The heme connection

Variations between bacteria and humans in the way an enzyme attaches a metal molecule to an energy-making protein highlights potential targets for antibiotic development.

The human cytochrome c synthase (purple) releases the heme (yellow) from the structure that holds it (orange), after attaching it to the right protein motif (green). Image credit: Nate Tran and Deanna Mendez (CC BY 4.0)

From tiny bacteria to the tallest trees, most life on Earth carries a protein called cytochrome c, which helps to create the energy that powers up cells. Cytochrome c does so thanks to its heme, a molecule that enables the chemical reactions required for the energy-creating process.

Despite both relying on cytochrome c, animals and bacteria differ in the enzyme they use to attach the heme to the cytochrome. Spotting variations in how this ‘cytochrome c synthase’ works would help to find compounds that deactivate the enzyme in bacteria, but not in humans. However, studying cytochrome c synthase in living cells is challenging.

To bypass this issue, Sutherland, Mendez, Babbitt et al. successfully reconstituted cytochrome c synthases from humans and bacteria in test tubes.
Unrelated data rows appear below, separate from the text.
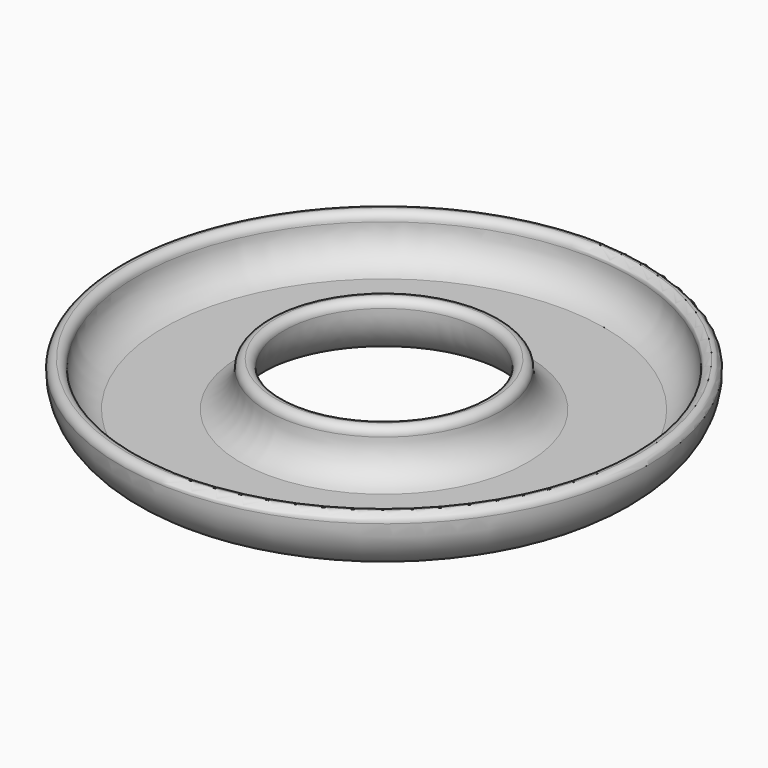
from build123d import *


# Not quite as in the source:
# - a fillet or chamfer that OpenCascade refuses, or shapes differently, is made with other operations: its cross-section is extruded or revolved along the edge and cut away or added


with BuildPart() as f1:
    # F0 (on Front) → F1 (revolve)
    with BuildSketch(Plane.XZ):
        with BuildLine():
            ThreePointArc((5, 3), (5.3955149615, 1.0970099744), (7, 0))
            Line((7, 0), (11, 0))
            ThreePointArc((11, 0), (12.6044850385, 1.0970099744), (13, 3))
            Line((13, 3), (12.1811805528, 3))
            ThreePointArc((12.1811805528, 3), (11.9981299392, 1.6359991878), (10.9049185685, 0.8))
            Line((10.9049185685, 0.8), (7.0950814315, 0.8))
            ThreePointArc((7.0950814315, 0.8), (6.0018700608, 1.6359991878), (5.8188194472, 3))
            Line((5.8188194472, 3), (5, 3))
        make_face()
    revolve(axis=Axis((0, 0, -1.7576739192), (0, 0, -1)))

    # F2: fillet of radius 0.4 on 4 edges, made by hand

    # F2_s1 → F2_t2 (revolve, cut)
    with BuildSketch(Plane.XZ):
        with BuildLine():
            ThreePointArc((12.6403148098, 3), (12.3535922949, 2.8789089447), (12.2404674395, 2.5889509972))
            Line((12.2404674395, 2.5889509972), (12.2324704921, 2.5887300171))
            ThreePointArc((12.2324704921, 2.5887300171), (12.21480048, 2.7950490393), (12.1734471026, 2.9979521355))
            Line((12.1734471026, 2.9979521355), (12.1811805528, 3.008))
            Line((12.1811805528, 3.008), (12.6403148098, 3.008))
            Line((12.6403148098, 3.008), (12.6403148098, 3))
        make_face()
    revolve(axis=Axis((0, 0, 3), (0, 0, -1)), mode=Mode.SUBTRACT)

    # F2_s3 → F2_t4 (revolve, cut)
    with BuildSketch(Plane.XZ):
        with BuildLine():
            ThreePointArc((5.7595325605, 2.5889509972), (5.6464077051, 2.8789089447), (5.3596851902, 3))
            Line((5.3596851902, 3), (5.3596851902, 3.008))
            Line((5.3596851902, 3.008), (5.8188194472, 3.008))
            Line((5.8188194472, 3.008), (5.8265528974, 2.9979521355))
            ThreePointArc((5.8265528974, 2.9979521355), (5.78519952, 2.7950490393), (5.7675295079, 2.5887300171))
            Line((5.7675295079, 2.5887300171), (5.7595325605, 2.5889509972))
        make_face()
    revolve(axis=Axis((0, 0, 3), (0, 0, -1)), mode=Mode.SUBTRACT)

    # F2_s5 → F2_t6 (revolve, cut)
    with BuildSketch(Plane.XZ):
        with BuildLine():
            ThreePointArc((5.3596851902, 3), (5.0807762454, 2.8867225149), (4.9598378199, 2.6110490028))
            Line((4.9598378199, 2.6110490028), (4.9518408724, 2.6112699829))
            ThreePointArc((4.9518408724, 2.6112699829), (4.9646389685, 2.8071022728), (4.9921266285, 3.0014177524))
            Line((4.9921266285, 3.0014177524), (5, 3.008))
            Line((5, 3.008), (5.3596851902, 3.008))
            Line((5.3596851902, 3.008), (5.3596851902, 3))
        make_face()
    revolve(axis=Axis((0, 0, 3), (0, 0, -1)), mode=Mode.SUBTRACT)

    # F2_s7 → F2_t8 (revolve, cut)
    with BuildSketch(Plane.XZ):
        with BuildLine():
            ThreePointArc((13.0401621801, 2.6110490028), (12.9192237546, 2.8867225149), (12.6403148098, 3))
            Line((12.6403148098, 3), (12.6403148098, 3.008))
            Line((12.6403148098, 3.008), (13, 3.008))
            Line((13, 3.008), (13.0078733715, 3.0014177524))
            ThreePointArc((13.0078733715, 3.0014177524), (13.0353610315, 2.8071022728), (13.0481591276, 2.6112699829))
            Line((13.0481591276, 2.6112699829), (13.0401621801, 2.6110490028))
        make_face()
    revolve(axis=Axis((0, 0, 3), (0, 0, -1)), mode=Mode.SUBTRACT)


solid = f1.part

This allowed them to examine in detail which structures the enzymes recognize to spot where to attach the heme onto their target. The experiments revealed that human and bacterial synthases actually rely on different parts of the cytochrome c to orient themselves. Different short compounds could also block either the human or bacterial enzyme.

Variations between human and bacterial cytochrome c synthase could lead to new antibiotics which deactivate the cytochrome and kill bacteria while sparing patients. The next step is to identify molecules that specifically interfere with cytochrome c synthase in bacteria, and could be tested in clinical trials.